# Interplanetary Trajectories and Maneuvers¶

In the chapter on Orbital Maneuvers, we focused on maneuvers where there was a common focus for the initial and final orbits. For interplanetary trajectories, the spacecraft will be in multiple orbits that have several foci. In addition, interplanetary trajectories require the spacecraft to leave the gravitational influence of Earth, so the trajectory is perturbed by the other objects in the solar system, primarily Jupiter.

There are multiple methods, of varying complexity, to calculate interplanetary trajectories. Since the trajectories are perturbed by several gravitational sources, they are not really two-body trajectories that we’ve been studying. One approach to solving these problems is to account for all the gravitational perturbations directly in the equations of motion. This approach quickly becomes very complicated and computationally intensive, so it is not usually pursued.

Instead, the most common method for interplanetary trajectory calculations is called the **patched conic approximation**. In this approximation, we patch together several conic sections to compute the entire trajectory of interest. More advanced methods can be considered by perturbing the equations in the patched conic framework, or by perturbations of the equations of motion more generally.

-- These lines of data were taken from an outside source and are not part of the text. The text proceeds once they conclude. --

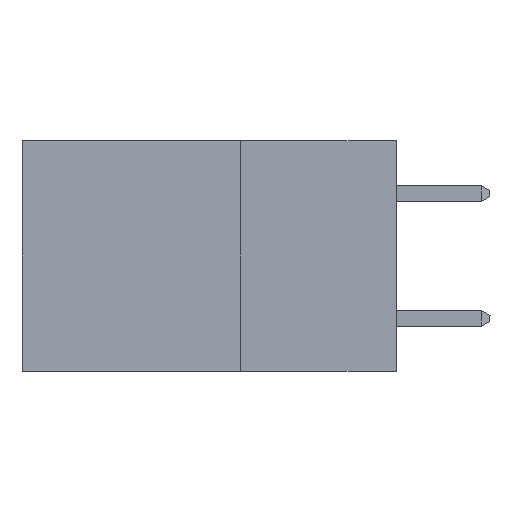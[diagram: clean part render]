
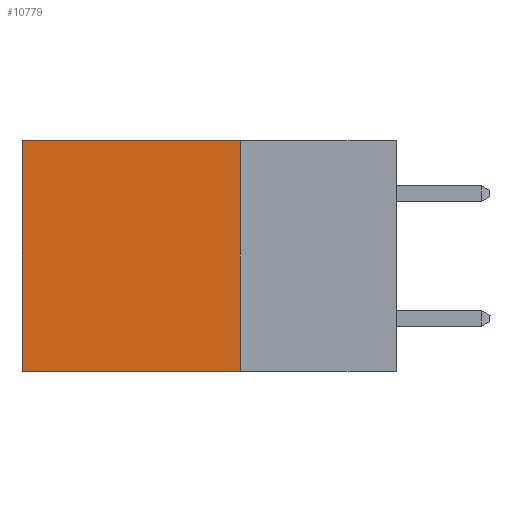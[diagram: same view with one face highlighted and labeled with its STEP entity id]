
A CAD part, left-side view. The second image highlights one B-rep face of the part: STEP entity #10779.
In plain terms, the highlighted planar face has unit normal (-1, 0, 0).
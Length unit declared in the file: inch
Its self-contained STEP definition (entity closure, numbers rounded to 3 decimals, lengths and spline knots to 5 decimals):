
#13 = PLANE ( 'NONE',  #3113 ) ;
#426 = CARTESIAN_POINT ( 'NONE',  ( 0.298, 0.6, 0. ) ) ;
#3113 = AXIS2_PLACEMENT_3D ( 'NONE', #16318, #10113, #12138 ) ;
#3839 = VECTOR ( 'NONE', #6429, 39.37008 ) ;
#4372 = LINE ( 'NONE', #426, #19845 ) ;
#5402 = ORIENTED_EDGE ( 'NONE', *, *, #8547, .F. ) ;
#5595 = VERTEX_POINT ( 'NONE', #21946 ) ;
#5607 = EDGE_CURVE ( 'NONE', #5595, #17374, #20962, .T. ) ;
#6304 = EDGE_LOOP ( 'NONE', ( #10473, #5402, #8585, #14293 ) ) ;
#6429 = DIRECTION ( 'NONE',  ( 0., 1., 0. ) ) ;
#6780 = CARTESIAN_POINT ( 'NONE',  ( 0.298, 0.25, -0.37 ) ) ;
#7233 = FACE_OUTER_BOUND ( 'NONE', #6304, .T. ) ;
#7769 = CARTESIAN_POINT ( 'NONE',  ( 0.298, 0.6, 0. ) ) ;
#8212 = VECTOR ( 'NONE', #14818, 39.37008 ) ;
#8547 = EDGE_CURVE ( 'NONE', #22191, #12712, #25007, .T. ) ;
#8585 = ORIENTED_EDGE ( 'NONE', *, *, #25036, .F. ) ;
#10113 = DIRECTION ( 'NONE',  ( 1., 0., 0. ) ) ;
#10473 = ORIENTED_EDGE ( 'NONE', *, *, #18864, .T. ) ;
#10779 = ADVANCED_FACE ( 'NONE', ( #7233 ), #13, .F. ) ;
#12138 = DIRECTION ( 'NONE',  ( 0., 0., -1. ) ) ;
#12712 = VERTEX_POINT ( 'NONE', #21844 ) ;
#12806 = DIRECTION ( 'NONE',  ( 0., 0., -1. ) ) ;
#12925 = CARTESIAN_POINT ( 'NONE',  ( 0.298, 0.25, 0. ) ) ;
#14293 = ORIENTED_EDGE ( 'NONE', *, *, #5607, .T. ) ;
#14818 = DIRECTION ( 'NONE',  ( 0., 0., -1. ) ) ;
#16318 = CARTESIAN_POINT ( 'NONE',  ( 0.298, 0.25, 0. ) ) ;
#17374 = VERTEX_POINT ( 'NONE', #7769 ) ;
#18864 = EDGE_CURVE ( 'NONE', #17374, #12712, #4372, .T. ) ;
#19832 = DIRECTION ( 'NONE',  ( 0., 1., 0. ) ) ;
#19845 = VECTOR ( 'NONE', #12806, 39.37008 ) ;
#20051 = VECTOR ( 'NONE', #19832, 39.37008 ) ;
#20962 = LINE ( 'NONE', #22131, #20051 ) ;
#21844 = CARTESIAN_POINT ( 'NONE',  ( 0.298, 0.6, -0.37 ) ) ;
#21946 = CARTESIAN_POINT ( 'NONE',  ( 0.298, 0.25, 0. ) ) ;
#22131 = CARTESIAN_POINT ( 'NONE',  ( 0.298, 0.25, 0. ) ) ;
#22191 = VERTEX_POINT ( 'NONE', #26102 ) ;
#25007 = LINE ( 'NONE', #6780, #3839 ) ;
#25036 = EDGE_CURVE ( 'NONE', #5595, #22191, #25872, .T. ) ;
#25872 = LINE ( 'NONE', #12925, #8212 ) ;
#26102 = CARTESIAN_POINT ( 'NONE',  ( 0.298, 0.25, -0.37 ) ) ;

## Method of Patched Conics¶

In this chapter, we will focus on using the unperturbed patched conics method to calculate interplanetary transfers. The basic method of patched conics involves three conic trajectories:

A

**hyperbolic trajectory**to escape the initial planet. The focus of this trajectory is the initial planet. The end of this trajectory is when the gravitational influence of the Sun is stronger than the initial planet.An

**elliptical**or**hyperbolic**trajectory to transfer from the orbit of the initial planet to the orbit of the final planet. The focus of this trajectory is the Sun.A

**hyperbolic trajectory**on arrival at the final planet. The focus of this trajectory is the final planet. This trajectory starts at the point where the gravitational influence of the final planet is stronger than the Sun.

These three trajectories are shown in Fig. 76, which shows a Hohmann transfer from the initial planet to the final planet. The Hohmann transfer is the most efficient type of orbital transfer, so it’s a good basis for comparison. However, any trajectory that intersects the orbits of the initial and final planets can be used for the transfer.

The dashed gray circles on Fig. 76 represent the **sphere of influence** of each planet. This represents the boundary of where the planet’s gravitational influence on the spacecraft is stronger than the Sun’s. Although there is no true boundary and the influence of the planet and Sun vary smoothly along the trajectory, the sphere of influence represents a useful way to divide the transfers.

Inside a planet’s sphere of influence, the focus of the trajectory is the planet. Outside the sphere of influence, the focus of the trajectory is the Sun. Therefore, the edge of the sphere of influence is the *patch point* where our analysis will from planet-centric to heliocentric on departure, and from heliocentric to planet-centric at arrival.

Analyzing the method of patched conics is done individually for each of the three trajectories. We start with the heliocentric transfer trajectory, since that determines the velocity of the spacecraft at the edges of the spheres of influence of the two planets. Once the heliocentric trajectory is determined, we can calculate the required hyperbolic trajectories at departure and arrival to achieve the mission objectives.